Hacker News new | ask | show | jobs
by niftich 3356 days ago
There are some design decisions in Brotli I just don't quite understand [1][2][3], like what's going on with its dictionary [2]. One of the Brotli authors is active in this thread, so perhaps they can talk about this.

Zstandard is pretty solid, but lacks deployment on general-purpose web browsers. Firefox and Edge have followed Google's lead and added or about to add support for Brotli. Both Brotli and Zstandard see usage in behind-the-scenes situations, on-the-wire in custom protocols, and the like.
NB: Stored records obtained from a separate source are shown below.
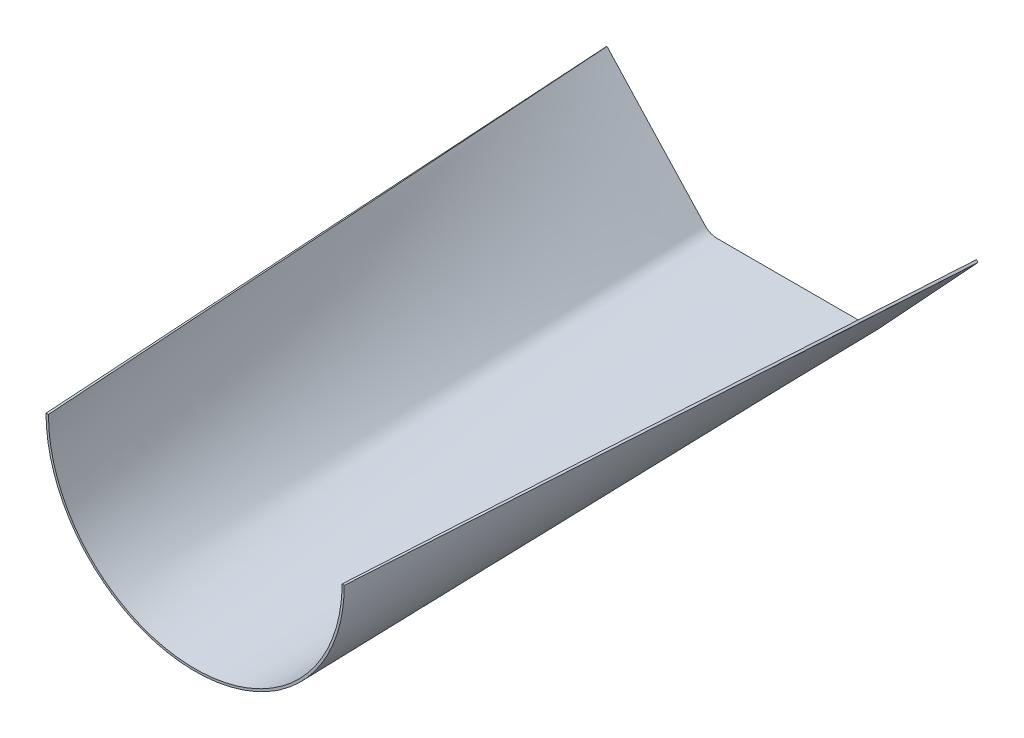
ISO-10303-21;
HEADER;
FILE_DESCRIPTION(('STEP AP214'),'2;1');
FILE_NAME('part.step','',(''),(''),'','','');
FILE_SCHEMA(('AUTOMOTIVE_DESIGN { 1 0 10303 214 1 1 1 1 }'));
ENDSEC;
DATA;
#1=APPLICATION_CONTEXT('core data for automotive mechanical design processes');
#2=APPLICATION_PROTOCOL_DEFINITION('international standard','automotive_design',2000,#1);
#3=PRODUCT_CONTEXT('',#1,'mechanical');
#4=PRODUCT('Part','Part','',(#3));
#5=PRODUCT_RELATED_PRODUCT_CATEGORY('part','',(#4));
#6=PRODUCT_DEFINITION_FORMATION('','',#4);
#7=PRODUCT_DEFINITION_CONTEXT('part definition',#1,'design');
#8=PRODUCT_DEFINITION('design','',#6,#7);
#9=PRODUCT_DEFINITION_SHAPE('','',#8);
#10=(LENGTH_UNIT() NAMED_UNIT(*) SI_UNIT(.MILLI.,.METRE.));
#11=(NAMED_UNIT(*) PLANE_ANGLE_UNIT() SI_UNIT($,.RADIAN.));
#12=(NAMED_UNIT(*) SI_UNIT($,.STERADIAN.) SOLID_ANGLE_UNIT());
#13=UNCERTAINTY_MEASURE_WITH_UNIT(LENGTH_MEASURE(1.E-05),#10,'distance_accuracy_value','');
#14=(GEOMETRIC_REPRESENTATION_CONTEXT(3) GLOBAL_UNCERTAINTY_ASSIGNED_CONTEXT((#13)) GLOBAL_UNIT_ASSIGNED_CONTEXT((#10,
#11,#12)) REPRESENTATION_CONTEXT('',''));
#15=CARTESIAN_POINT('',(0.,0.,0.));
#16=DIRECTION('',(0.,0.,1.));
#17=DIRECTION('',(1.,0.,0.));
#18=AXIS2_PLACEMENT_3D('',#15,#16,#17);
#19=CARTESIAN_POINT('',(100.015591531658,7.30268658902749E-13,406.300974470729));
#20=CARTESIAN_POINT('',(100.01474595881,-4.85608194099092,406.314503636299));
#21=CARTESIAN_POINT('',(99.6587670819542,-9.80085418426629,406.327686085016));
#22=CARTESIAN_POINT('',(98.1796948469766,-19.7080639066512,406.352584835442));
#23=CARTESIAN_POINT('',(97.0569755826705,-24.6695552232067,406.364304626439));
#24=CARTESIAN_POINT('',(94.0373522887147,-34.431861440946,406.385534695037));
#25=CARTESIAN_POINT('',(92.1405435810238,-39.2312774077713,406.395054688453));
#26=CARTESIAN_POINT('',(87.6221579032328,-48.4915337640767,406.411292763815));
#27=CARTESIAN_POINT('',(85.0001220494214,-52.9513738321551,406.418005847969));
#28=CARTESIAN_POINT('',(79.1323450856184,-61.375651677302,406.428267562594));
#29=CARTESIAN_POINT('',(75.8865044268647,-65.3404848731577,406.431787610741));
#30=CARTESIAN_POINT('',(68.9109706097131,-72.6591779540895,406.435486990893));
#31=CARTESIAN_POINT('',(65.1822198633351,-76.013586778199,406.435667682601));
#32=CARTESIAN_POINT('',(60.8060013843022,-79.4075270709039,406.434025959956));
#33=CARTESIAN_POINT('',(60.3172455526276,-79.7794012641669,406.433818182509));
#34=CARTESIAN_POINT('',(59.3350420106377,-80.5126076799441,406.433352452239));
#35=CARTESIAN_POINT('',(58.8411262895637,-80.8742500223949,406.433103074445));
#36=CARTESIAN_POINT('',(57.8508459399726,-81.5856443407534,406.432517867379));
#37=CARTESIAN_POINT('',(57.3615555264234,-81.9305428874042,406.432131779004));
#38=CARTESIAN_POINT('',(56.9408574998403,-82.2222841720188,406.43199267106));
#39=CARTESIAN_POINT('',(56.8682045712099,-82.2722237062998,406.432029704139));
#40=CARTESIAN_POINT('',(56.7361824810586,-82.3627280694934,406.431889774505));
#41=CARTESIAN_POINT('',(56.6808336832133,-82.4006658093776,406.431831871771));
#42=CARTESIAN_POINT('',(56.5403215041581,-82.4969593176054,406.431688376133));
#43=CARTESIAN_POINT('',(56.4806929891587,-82.5377948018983,406.431633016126));
#44=CARTESIAN_POINT('',(56.3952891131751,-82.5962204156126,406.43157556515));
#45=CARTESIAN_POINT('',(56.369586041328,-82.613762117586,406.431576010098));
#46=CARTESIAN_POINT('',(56.315716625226,-82.6504917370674,406.431545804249));
#47=CARTESIAN_POINT('',(56.2887725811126,-82.6688435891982,406.431531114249));
#48=CARTESIAN_POINT('',(56.2079125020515,-82.7238602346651,406.431488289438));
#49=CARTESIAN_POINT('',(56.1539685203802,-82.760486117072,406.431461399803));
#50=CARTESIAN_POINT('',(55.992025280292,-82.8702078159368,406.431385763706));
#51=CARTESIAN_POINT('',(55.8839147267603,-82.9431476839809,406.431342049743));
#52=CARTESIAN_POINT('',(55.3426265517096,-83.3068033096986,406.431157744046));
#53=CARTESIAN_POINT('',(54.9072426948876,-83.5943879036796,406.431119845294));
#54=CARTESIAN_POINT('',(52.71897718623,-85.0153523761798,406.43152775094));
#55=CARTESIAN_POINT('',(50.9320552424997,-86.0978535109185,406.43386360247));
#56=CARTESIAN_POINT('',(48.8869877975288,-87.2509112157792,406.438389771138));
#57=CARTESIAN_POINT('',(48.6592750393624,-87.3781293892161,406.438917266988));
#58=CARTESIAN_POINT('',(48.3740434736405,-87.5360199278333,406.439605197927));
#59=CARTESIAN_POINT('',(48.3169676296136,-87.5675414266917,406.439744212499));
#60=CARTESIAN_POINT('',(48.2313098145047,-87.614738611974,406.439954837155));
#61=CARTESIAN_POINT('',(48.2057587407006,-87.6288088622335,406.440027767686));
#62=CARTESIAN_POINT('',(48.1272403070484,-87.6719228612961,406.440232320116));
#63=CARTESIAN_POINT('',(48.0731670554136,-87.701571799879,406.440359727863));
#64=CARTESIAN_POINT('',(47.8976341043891,-87.7977211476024,406.440757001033));
#65=CARTESIAN_POINT('',(47.7732137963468,-87.8662963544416,406.440985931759));
#66=CARTESIAN_POINT('',(47.4399249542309,-88.047441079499,406.442029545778));
#67=CARTESIAN_POINT('',(47.2247250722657,-88.1629170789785,406.442587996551));
#68=CARTESIAN_POINT('',(46.7404773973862,-88.4199321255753,406.443810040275));
#69=CARTESIAN_POINT('',(46.4711488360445,-88.5616293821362,406.444467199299));
#70=CARTESIAN_POINT('',(45.9177459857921,-88.8497129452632,406.445822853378));
#71=CARTESIAN_POINT('',(45.6366200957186,-88.9944948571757,406.446518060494));
#72=CARTESIAN_POINT('',(40.8642739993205,-91.4229806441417,406.458111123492));
#73=CARTESIAN_POINT('',(36.1169215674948,-93.4094343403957,406.467585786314));
#74=CARTESIAN_POINT('',(26.2416793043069,-96.6502766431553,406.483019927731));
#75=CARTESIAN_POINT('',(21.1148815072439,-97.903682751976,406.48898490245));
#76=CARTESIAN_POINT('',(10.6584022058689,-99.5869519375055,406.496988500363));
#77=CARTESIAN_POINT('',(5.32909874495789,-100.015591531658,406.499025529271));
#78=CARTESIAN_POINT('',(-5.32909874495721,-100.015591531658,406.499025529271));
#79=CARTESIAN_POINT('',(-10.6584022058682,-99.5869519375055,406.496988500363));
#80=CARTESIAN_POINT('',(-21.1148815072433,-97.9036827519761,406.48898490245));
#81=CARTESIAN_POINT('',(-26.2416793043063,-96.6502766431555,406.48301992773));
#82=CARTESIAN_POINT('',(-36.1169215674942,-93.4094343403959,406.467585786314));
#83=CARTESIAN_POINT('',(-40.8642739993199,-91.422980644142,406.458111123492));
#84=CARTESIAN_POINT('',(-45.636620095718,-88.994494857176,406.446518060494));
#85=CARTESIAN_POINT('',(-45.9177459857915,-88.8497129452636,406.445822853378));
#86=CARTESIAN_POINT('',(-46.4711488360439,-88.5616293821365,406.444467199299));
#87=CARTESIAN_POINT('',(-46.7404773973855,-88.4199321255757,406.443810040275));
#88=CARTESIAN_POINT('',(-47.224725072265,-88.1629170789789,406.442587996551));
#89=CARTESIAN_POINT('',(-47.4399249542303,-88.0474410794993,406.442029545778));
#90=CARTESIAN_POINT('',(-47.7732137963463,-87.8662963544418,406.440985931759));
#91=CARTESIAN_POINT('',(-47.8976341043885,-87.7977211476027,406.440757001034));
#92=CARTESIAN_POINT('',(-48.073167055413,-87.7015717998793,406.440359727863));
#93=CARTESIAN_POINT('',(-48.1272403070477,-87.6719228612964,406.440232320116));
#94=CARTESIAN_POINT('',(-48.2057587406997,-87.628808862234,406.440027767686));
#95=CARTESIAN_POINT('',(-48.2313098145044,-87.6147386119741,406.439954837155));
#96=CARTESIAN_POINT('',(-48.3169676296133,-87.5675414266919,406.439744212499));
#97=CARTESIAN_POINT('',(-48.3740434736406,-87.5360199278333,406.439605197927));
#98=CARTESIAN_POINT('',(-48.6592750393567,-87.3781293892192,406.438917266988));
#99=CARTESIAN_POINT('',(-48.8869877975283,-87.2509112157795,406.438389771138));
#100=CARTESIAN_POINT('',(-50.9320552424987,-86.097853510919,406.43386360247));
#101=CARTESIAN_POINT('',(-52.7189771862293,-85.0153523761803,406.43152775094));
#102=CARTESIAN_POINT('',(-54.907242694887,-83.5943879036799,406.431119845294));
#103=CARTESIAN_POINT('',(-55.3426265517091,-83.3068033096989,406.431157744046));
#104=CARTESIAN_POINT('',(-55.8839147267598,-82.9431476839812,406.431342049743));
#105=CARTESIAN_POINT('',(-55.9920252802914,-82.8702078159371,406.431385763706));
#106=CARTESIAN_POINT('',(-56.1539685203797,-82.7604861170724,406.431461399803));
#107=CARTESIAN_POINT('',(-56.2079125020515,-82.7238602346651,406.431488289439));
#108=CARTESIAN_POINT('',(-56.2887725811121,-82.6688435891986,406.431531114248));
#109=CARTESIAN_POINT('',(-56.3157166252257,-82.6504917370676,406.43154580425));
#110=CARTESIAN_POINT('',(-56.3695860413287,-82.6137621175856,406.431576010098));
#111=CARTESIAN_POINT('',(-56.3952891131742,-82.5962204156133,406.43157556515));
#112=CARTESIAN_POINT('',(-56.480692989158,-82.5377948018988,406.431633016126));
#113=CARTESIAN_POINT('',(-56.5403215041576,-82.4969593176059,406.431688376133));
#114=CARTESIAN_POINT('',(-56.6808336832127,-82.400665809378,406.431831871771));
#115=CARTESIAN_POINT('',(-56.736182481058,-82.3627280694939,406.431889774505));
#116=CARTESIAN_POINT('',(-56.8682045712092,-82.2722237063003,406.432029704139));
#117=CARTESIAN_POINT('',(-56.9408574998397,-82.2222841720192,406.43199267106));
#118=CARTESIAN_POINT('',(-57.3615555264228,-81.9305428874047,406.432131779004));
#119=CARTESIAN_POINT('',(-57.8508459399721,-81.5856443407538,406.432517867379));
#120=CARTESIAN_POINT('',(-58.8411262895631,-80.8742500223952,406.433103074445));
#121=CARTESIAN_POINT('',(-59.3350420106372,-80.5126076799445,406.433352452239));
#122=CARTESIAN_POINT('',(-60.317245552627,-79.7794012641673,406.433818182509));
#123=CARTESIAN_POINT('',(-60.8060013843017,-79.4075270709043,406.434025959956));
#124=CARTESIAN_POINT('',(-65.1822198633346,-76.0135867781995,406.435667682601));
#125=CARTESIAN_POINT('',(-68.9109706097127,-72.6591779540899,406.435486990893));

As for widespread use on files-sitting-on-disk, on perhaps average people's computers, I think we're quite a few years and quite some time away from replacing containers and compressors that have been around for a long time, and are still being used because of compatibility and lack of pressure to switch to a non-backwards-compatible alternative [4].

[1] https://news.ycombinator.com/item?id=12010313 [2] https://news.ycombinator.com/item?id=12003131 [3] https://news.ycombinator.com/item?id=12400379 [4] https://news.ycombinator.com/item?id=13171374

1 comments

> https://news.ycombinator.com/item?id=12003131

This is some sort of misunderstanding. If one replaces the static dictionary with zeros, one can easily benchmark brotli without the static dictionary. If one actually benchmarks it, one can learn the two things:

1) With the short (~50 kB) documents there is about an 7 % saving because of the static dictionary. There is still a 14 % win over gzip.

2) There is no compression density advantage for long documents (1+ MB).

Brotli's savings come to a large degree from algorithmic improvements, not from the static dictionary.

> https://news.ycombinator.com/item?id=12010313

The transformations make the dictionary a small bit more efficient without increasing the size of the dictionary. Think that out of the 7 % savings that the dictionary brings, about 1.5 % units (~20 %) are because of the transformations. However, the dictionary is 120 kB and the transformations less than 1 kB. So, transformations are more cost efficient than basic form of the dictionary.

> https://news.ycombinator.com/item?id=12400379

Brotli's dictionary was generated with a process that leads to the largest gain in entropy, i.e., every term and their ordering was chosen for the smallest size -- considering how many bits it would have costs to express those terms using other features of brotli. Even if results looks disgusting or difficult to understand, the process to generate it was quite delicate.

The same for transforms, but there it was mostly the ordering that we iterated with and generated candidate transforms using a large variety of tools.